Everything works well, despite one query, that runs on a table with ~ 1M
entries. It searches for ways crossing each other:
http://etherpad.netluchs.de/pgquery
(The definition of the source table is included as well)

Here is the explain analyze of the query:
http://explain.depesz.com/s/fAcV
As you can see, the row estimate is far off, but the runtime of 11 minutes
is acceptable, I think.

When I run a second instance of this query in a unrelated database on the
same server, they take 100% CPU, no iowait and they do not finish even
after more than a day.
An explain done directly before executing the query shows a huge cost
estimate and varying different plans:
http://explain.depesz.com/s/XDR
http://explain.depesz.com/s/SeG

How can two queries have such a strong influence on each other? Especially
when the host server could handle even ten queries without problems?
And most important: What can I do?

Thank you all in advance for your help!
Jan


Re: One query run twice in parallel results in huge performance decrease

From
Jeff Janes
Date:
On Fri, Nov 29, 2013 at 2:07 PM, Jan Michel <Jan@mueschelsoft.de> wrote:

When I run a second instance of this query in a unrelated database on the
same server, they take 100% CPU, no iowait and they do not finish even
after more than a day.

The planner is not aware of what else is going on in the server, so it can't change plans with that in mind.  So I think that that is a red herring.  I'd guess that the 2nd database is missing the geometry index, or has it defined in some different way such that the database doesn't think it can be used.
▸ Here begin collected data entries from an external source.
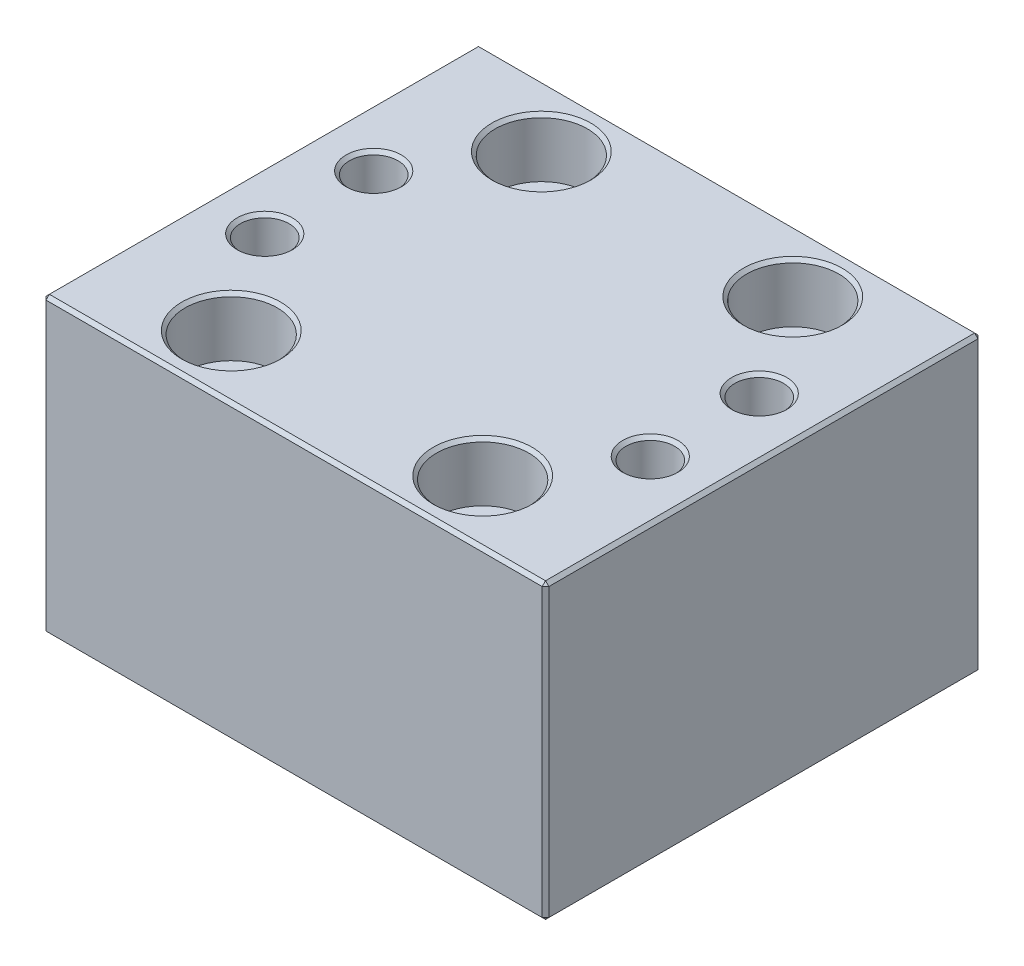
SolidWorks part; units mm, degrees
ref_plane "Front Plane" through (0, 0, 0) normal (0, 0, 1) x (1, 0, 0)
ref_plane "Top Plane" through (0, 0, 0) normal (0, 1, 0) x (1, 0, 0)
ref_plane "Right Plane" through (0, 0, 0) normal (1, 0, 0) x (0, 0, -1)
sketch "Sketch1" plane through (0, 0, 0) normal (0, 1, 0) x (1, 0, 0)
  line L1 (30, -26) -> (-30, -26)
  line L2 (30, -26) -> (30, 26)
  line L3 (30, 26) -> (-30, 26)
  line L4 (-30, -26) -> (-30, 26)
  line L5 (30, -26) -> (-30, 26) construction
  line L6 (30, 26) -> (-30, -26) construction
  line L7 (23, -6.5) -> (-23, -6.5) construction
  line L8 (23, -6.5) -> (23, 6.5) construction
  line L9 (23, 6.5) -> (-23, 6.5) construction
  line L10 (-23, -6.5) -> (-23, 6.5) construction
  line L11 (23, -6.5) -> (-23, 6.5) construction
  line L12 (23, 6.5) -> (-23, -6.5) construction
  line L13 (15, -18.5) -> (-15, -18.5) construction
  line L14 (15, -18.5) -> (15, 18.5) construction
  line L15 (15, 18.5) -> (-15, 18.5) construction
  line L16 (-15, -18.5) -> (-15, 18.5) construction
  line L17 (15, -18.5) -> (-15, 18.5) construction
  line L18 (15, 18.5) -> (-15, -18.5) construction
  circle A0 centre (-23, 6.5) radius 2.9
  circle A1 centre (23, 6.5) radius 2.9
  circle A2 centre (23, -6.5) radius 2.9
  circle A3 centre (-23, -6.5) radius 2.9
  circle A4 centre (-15, 18.5) radius 3.05
  circle A5 centre (15, 18.5) radius 3.05
  circle A6 centre (15, -18.5) radius 3.05
  circle A7 centre (-15, -18.5) radius 3.05
  point P0 (0, 0)
  point P6 (0, 0)
  point P15 (0, 0)
  dimension "D5" = 5.8
  dimension "D6" = 6.1
  dimension "D1" = 52
  dimension "D2" = 60
  dimension "D3" = 13
  dimension "D4" = 46
  dimension "D7" = 30
  dimension "D8" = 37
extrude "Boss-Extrude1" add sketch "Sketch1" along normal blind 35
sketch "Sketch2" plane through (0, 35, 0) normal (0, 1, 0) x (1, 0, 0)
  circle A0 centre (-15, 18.5) radius 5.5
  circle A1 centre (15, 18.5) radius 5.5
  circle A2 centre (15, -18.5) radius 5.5
  circle A3 centre (-15, -18.5) radius 5.5
  dimension "D1" = 11
extrude "Cut-Extrude1" cut sketch "Sketch2" against normal blind 7
chamfer "Chamfer1" distance 0.4 angle 45 20 edges at (-23, 35, 9.4) (23, 35, -3.6) (0, 0, -26) (-30, 17.5, -26) (-30, 0, 0) (30, 17.5, -26) (30, 0, 0) (-30, 17.5, 26) (0, 0, 26) (30, 17.5, 26) (0, 35, -26) (30, 35, 0) (0, 35, 26) (-30, 35, 0) (-23, 35, -3.6) (23, 35, 9.4) (-15, 35, -13) (15, 35, -13) (15, 35, 24) (-15, 35, 24)

Are you sure that you get good plans when you run the exact same queries on the exact same database/schema one at a time?

Cheers,

Jeff

Re: One query run twice in parallel results in huge performance decrease

From
Jan Michel
Date:
Hi Jeff,
thanks for the answer.

On 29.11.2013 23:42, Jeff Janes wrote:
> The planner is not aware of what else is going on in the server
I was not aware of this as well.

> I'd guess that the 2nd database is missing the geometry index, or has
> it defined in some different way such that the database doesn't think
> it can be used.
Unfortunately - no. E.g. the first problematic plan I posted is from the
same schema loaded with the same data as the one that works well.
All tables are generated freshly from scratch by the same script only
minutes before this query is run. I tested them all individually and
never saw any problem, all use the same plan. As soon as I run two in
parallel it happens. I also did a test by feeding two tables with
identical data - again the same problem.

First I used tables in different schemas, then I tested to run them in
different databases. It had no influence. The thing is 100% reproducable
on three different machines with different hardware, different OS and
different pgsql versions. A single query is fast, as soon as a second
one comes in parallel it gets stuck. Every other query I have in the
toolchain does not show this behavior - and there are some quite
expensive ones as well.

Jan






Re: One query run twice in parallel results in huge performance decrease

From
Tom Lane
Date:
Jan Michel <Jan@mueschelsoft.de> writes:
> All tables are generated freshly from scratch by the same script only
> minutes before this query is run. I tested them all individually and
> never saw any problem, all use the same plan. As soon as I run two in
> parallel it happens. I also did a test by feeding two tables with
> identical data - again the same problem.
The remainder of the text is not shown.